247 milliards de mails ont été envoyés dans le monde en 2009 et le double serait prévu à l’horizon 2013. Prenons l’exemple d’une entreprise de 100 personnes : chaque employé reçoit en moyenne 59 mails par jour et en envoie 33 ce qui équivaut à 13,6 tonnes équivalent CO2 ! En outre, chaque destinataire de plus augmente le bilan de 6 grammes d’équivalent CO2. De même, décupler le nombre de destinataires multiplie par 4 l’impact sur le changement climatique. Attention également au stockage des mails dans un serveur : plus le courrier électronique est conservé longtemps sur un serveur, plus il a un impact négatif sur le changement climatique.
- Il suffirait de réduire de 10 % les envois de mails pour deux destinataires pour économiser une tonne équivalent CO2 sur an, soit un aller-retour Paris/New-York.
- De même, diminuer de 10 % l’impression des e-mails permettrait d’économiser 5 tonnes équivalent CO2 sur une année.
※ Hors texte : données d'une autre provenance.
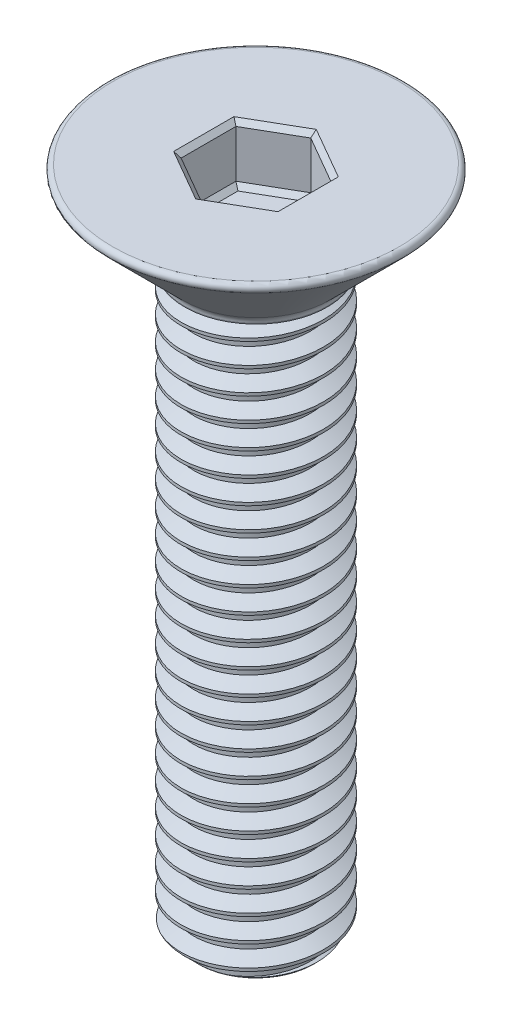
SolidWorks part; units mm, degrees
material "AISI Type A2 Tool Steel"
ref_plane "Front Plane" through (0, 0, 0) normal (0, 0, 1) x (1, 0, 0)
ref_plane "Top Plane" through (0, 0, 0) normal (0, 1, 0) x (1, 0, 0)
ref_plane "Right Plane" through (0, 0, 0) normal (1, 0, 0) x (0, 0, -1)
sketch "Sketch1" plane through (0, 0, 0) normal (0, 1, 0) x (1, 0, 0)
  circle A0 centre (0, 0) radius 1.5
  dimension "D1" = 3
extrude "Boss-Extrude1" add sketch "Sketch1" along normal blind 12.14
thread "Thread1" pitch 0.5 method cut profile "Thread Profile1" start angle 0, offset 1, length 0, pitch 0.5, diameter 3
ref_plane "Plane1" through (-1.5, 13.14, 0) normal (0, 0, 1) x (-1, 0, 0)
sketch "Thread Profile1" plane through (-1.5, 13.14, 0) normal (0, 0, 1) x (-1, 0, 0)
  line L0 (0, 0) -> (0, 0.5) construction
  line L11 (0, 0) -> (0, 0.4375)
  line L12 (0, 0.4375) -> (-0.2706, 0.2812)
  line L13 (-0.2706, 0.2812) -> (-0.2706, 0.1562)
  line L15 (-0.2706, 0.1562) -> (0, 0)
  line L17 (-0.2706, 0.2187) -> (0, 0.2187) construction
  point P2 (0, 0)
  dimension "Pitch" = 0.5
  dimension "Profile_Angle" = 60
  dimension "Profile_Land" = 0.125
  dimension "Profile_Height" = 0.2706
sketch "Sketch5" plane through (0, 12.14, 0) normal (0, 1, 0) x (1, 0, 0)
  circle A0 centre (0, 0) radius 1.5
  dimension "D1" = 3
extrude "Boss-Extrude2" add sketch "Sketch5" along normal blind 0.1
sketch "Sketch6" plane through (0, 12.24, 0) normal (0, 1, 0) x (1, 0, 0)
  circle A0 centre (0, 0) radius 1.5
  dimension "D1" = 3
extrude "Boss-Extrude3" add sketch "Sketch6" along normal blind 1.76 draft 45 draft outward yes
sketch "Sketch7" plane through (0, 0, 0) normal (0, 0, 1) x (1, 0, 0)
  line L0 (0, 0) -> (0, 0.1997) construction
  line L1 (0, 0) -> (1.51, 0) construction
  line L2 (1.51, 0) -> (1.51, 0.3)
  line L3 (1.51, 0.3) -> (1.21, 0)
  line L4 (1.21, 0) -> (1.51, 0)
  dimension "D1" = 45
  dimension "D2" = 0.3
  dimension "D3" = 1.51
revolve "Cut-Revolve1" cut sketch "Sketch7" angle 360 about L0
fillet "Fillet1" radius 0.1 1 edges at (0, 14, 3.26)
fillet "Fillet2" radius 0.2 1 edges at (0, 12.24, 1.5)
sketch "Sketch8" plane through (0, 14, 0) normal (0, 1, 0) x (1, 0, 0)
  line L1 (0, 1.1547) -> (-1, 0.5774)
  line L2 (-1, 0.5774) -> (-1, -0.5774)
  line L3 (-1, -0.5774) -> (0, -1.1547)
  line L4 (0, -1.1547) -> (1, -0.5774)
  line L5 (1, -0.5774) -> (1, 0.5774)
  line L6 (1, 0.5774) -> (0, 1.1547)
  circle A0 centre (0, 0) radius 1 construction
  dimension "D1" = 2
extrude "Cut-Extrude1" cut sketch "Sketch8" against normal blind 1.1
chamfer "Chamfer1" distance 0.1 angle 45 6 edges at (-1, 14, 0) (-0.5, 14, 0.866) (0.5, 14, 0.866) (1, 14, 0) (0.5, 14, -0.866) (-0.5, 14, -0.866)
sketch "Sketch9" plane through (0, 12.9, 0) normal (0, 1, 0) x (1, 0, 0)
  line L1 (0, 1.1547) -> (-1, 0.5774)
  line L2 (-1, 0.5774) -> (-1, -0.5774)
  line L3 (-1, -0.5774) -> (0, -1.1547)
  line L4 (0, -1.1547) -> (1, -0.5774)
  line L5 (1, -0.5774) -> (1, 0.5774)
  line L6 (1, 0.5774) -> (0, 1.1547)
  circle A0 centre (0, 0) radius 1 construction
extrude "Cut-Extrude2" cut sketch "Sketch9" against normal blind 0.1 draft 45
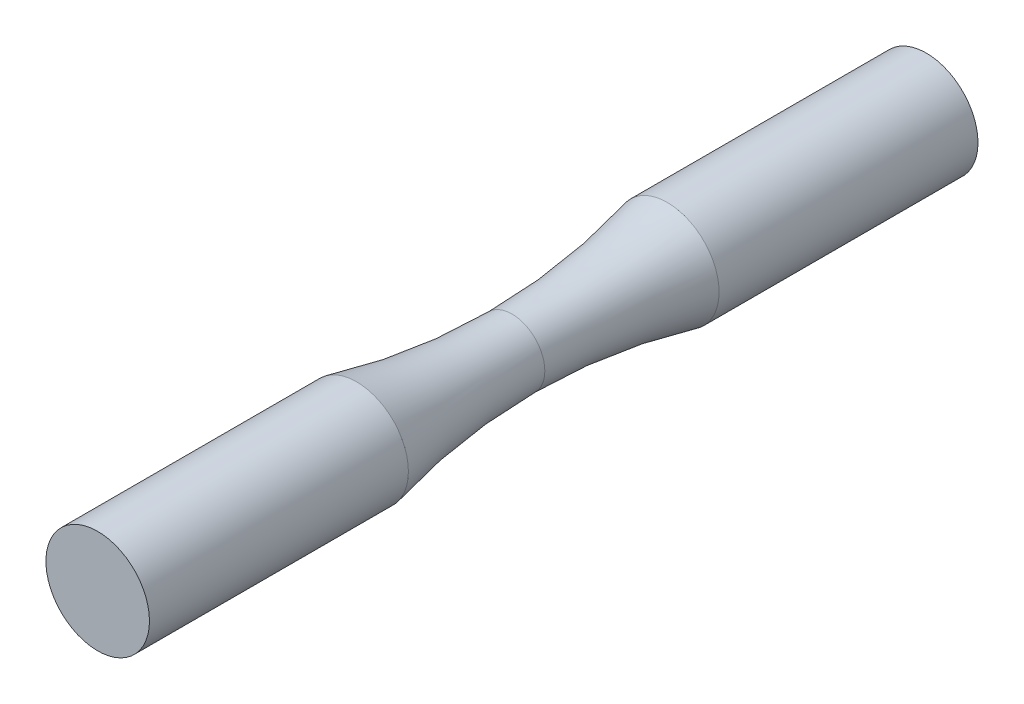
SolidWorks part; units mm, degrees
ref_plane "Front Plane" through (0, 0, 0) normal (0, 0, 1) x (1, 0, 0)
ref_plane "Top Plane" through (0, 0, 0) normal (0, 1, 0) x (1, 0, 0)
ref_plane "Right Plane" through (0, 0, 0) normal (1, 0, 0) x (0, 0, -1)
sketch "Sketch2" plane through (0, 0, 0) normal (0, 0, 1) x (1, 0, 0)
  circle A0 centre (0, 0) radius 6.35
  dimension "D1" = 12.7
extrude "Boss-Extrude1" add sketch "Sketch2" along normal blind 31.75
ref_plane "Plane1" through (0, 0, 31.75) normal (0, 0, 1) x (1, 0, 0)
ref_plane "Plane2" through (0, 0, 50.8) normal (0, 0, 1) x (1, 0, 0)
sketch "Sketch4" plane through (0, 0, 31.75) normal (0, 0, 1) x (1, 0, 0)
  circle A0 centre (0, 0) radius 6.35
  dimension "D1" = 12.7
ref_plane "Plane3" through (0, 0, 69.85) normal (0, 0, 1) x (1, 0, 0)
sketch "Sketch7" plane through (0, 0, 0) normal (1, 0, 0) x (0, 0, -1)
  line L0 (0, 0) -> (-96.9029, 0) construction
  line L1 (-50.8, -4.0323) -> (-50.8, 4.0322)
  line L2 (-69.85, -6.35) -> (-69.85, 6.35)
  line L3 (-31.75, -6.35) -> (-31.75, 6.35)
  arc A0 (-69.85, 6.35) -> (-31.75, 6.35) centre (-50.8, 83.4788) ccw
  point P6 (-50.8, 0)
  point P9 (-69.85, 0)
  point P13 (-31.75, 0)
  dimension "D1" = 8.0645
  dimension "D2" = 12.7
  dimension "D3" = 19.05
  dimension "D4" = 12.7
  dimension "D5" = 19.05
revolve "Revolve1" add sketch "Sketch7" angle 360 about L0 region at (0, 2.4497, 40.5108) region at (0, 2.4497, 61.0892)
sketch "Sketch8" plane through (0, 0, 69.85) normal (0, 0, 1) x (1, 0, 0)
  circle A0 centre (0, 0) radius 6.35
extrude "Boss-Extrude2" add sketch "Sketch8" along normal blind 31.75
ref_axis "Axis1" through (6.985, 0, 0) along (-1, 0, 0)
ref_axis "Axis2" through (-6.985, 0, 101.6) along (1, 0, 0)
ref_plane "Plane4" through (0, 0, 50.8) normal (0, 0, -1) x (-1, 0, 0)
split line "Split Line3"

Mais naviguer sur l’internet se révèle polluant pour l’environnement dans la mesure où les serveurs consomment de l’électricité et dégagent de la chaleur. Sachant qu’un Français effectue environ 2,6 recherches par jour soit presque 1 000 recherches par an, cela équivaut à 9,9 Kg CO2. Imaginez le tout multiplié par 29 millions d’internautes français !
Conseils :
- Précisez vos mots-clés pour mieux cibler les recherches.
- Saisissez directement l’adresse url quand vous le pouvez plutôt que de recourir à un moteur de recherche. Ces deux conseils économiseraient 5 Kg équivalent CO2 par an soit environ 40 km parcourus en voiture.
- Enregistrez en « Favoris » les sites consultés régulièrement.
Il s’agit, ici, davantage du contenu et de ses usages – lecture à l’écran ou impression – que de la clé USB en elle-même. L’ADEME donne l’exemple d’une conférence à l’issue de laquelle un document de 200 pages a été remis via une clé USB aux participants. Chacun transfère le contenu de la clé dans son ordinateur et le parcourt des yeux. Si le temps de lecture n’excède pas 2 à 3 minutes par page, alors la lecture à l’écran a moins d’impact sur le réchauffement climatique que l’impression. Au-delà, l’impression devient préférable.
Conseils :
- Evitez d’imprimer chaque document. En cas de nécessité, favorisez une impression noir et blanc, recto/verso et 2 pages par feuille pour un usage professionnel ou sur du brouillon pour un usage personnel.
- Evitez de distribuer des clés USB publicitaires.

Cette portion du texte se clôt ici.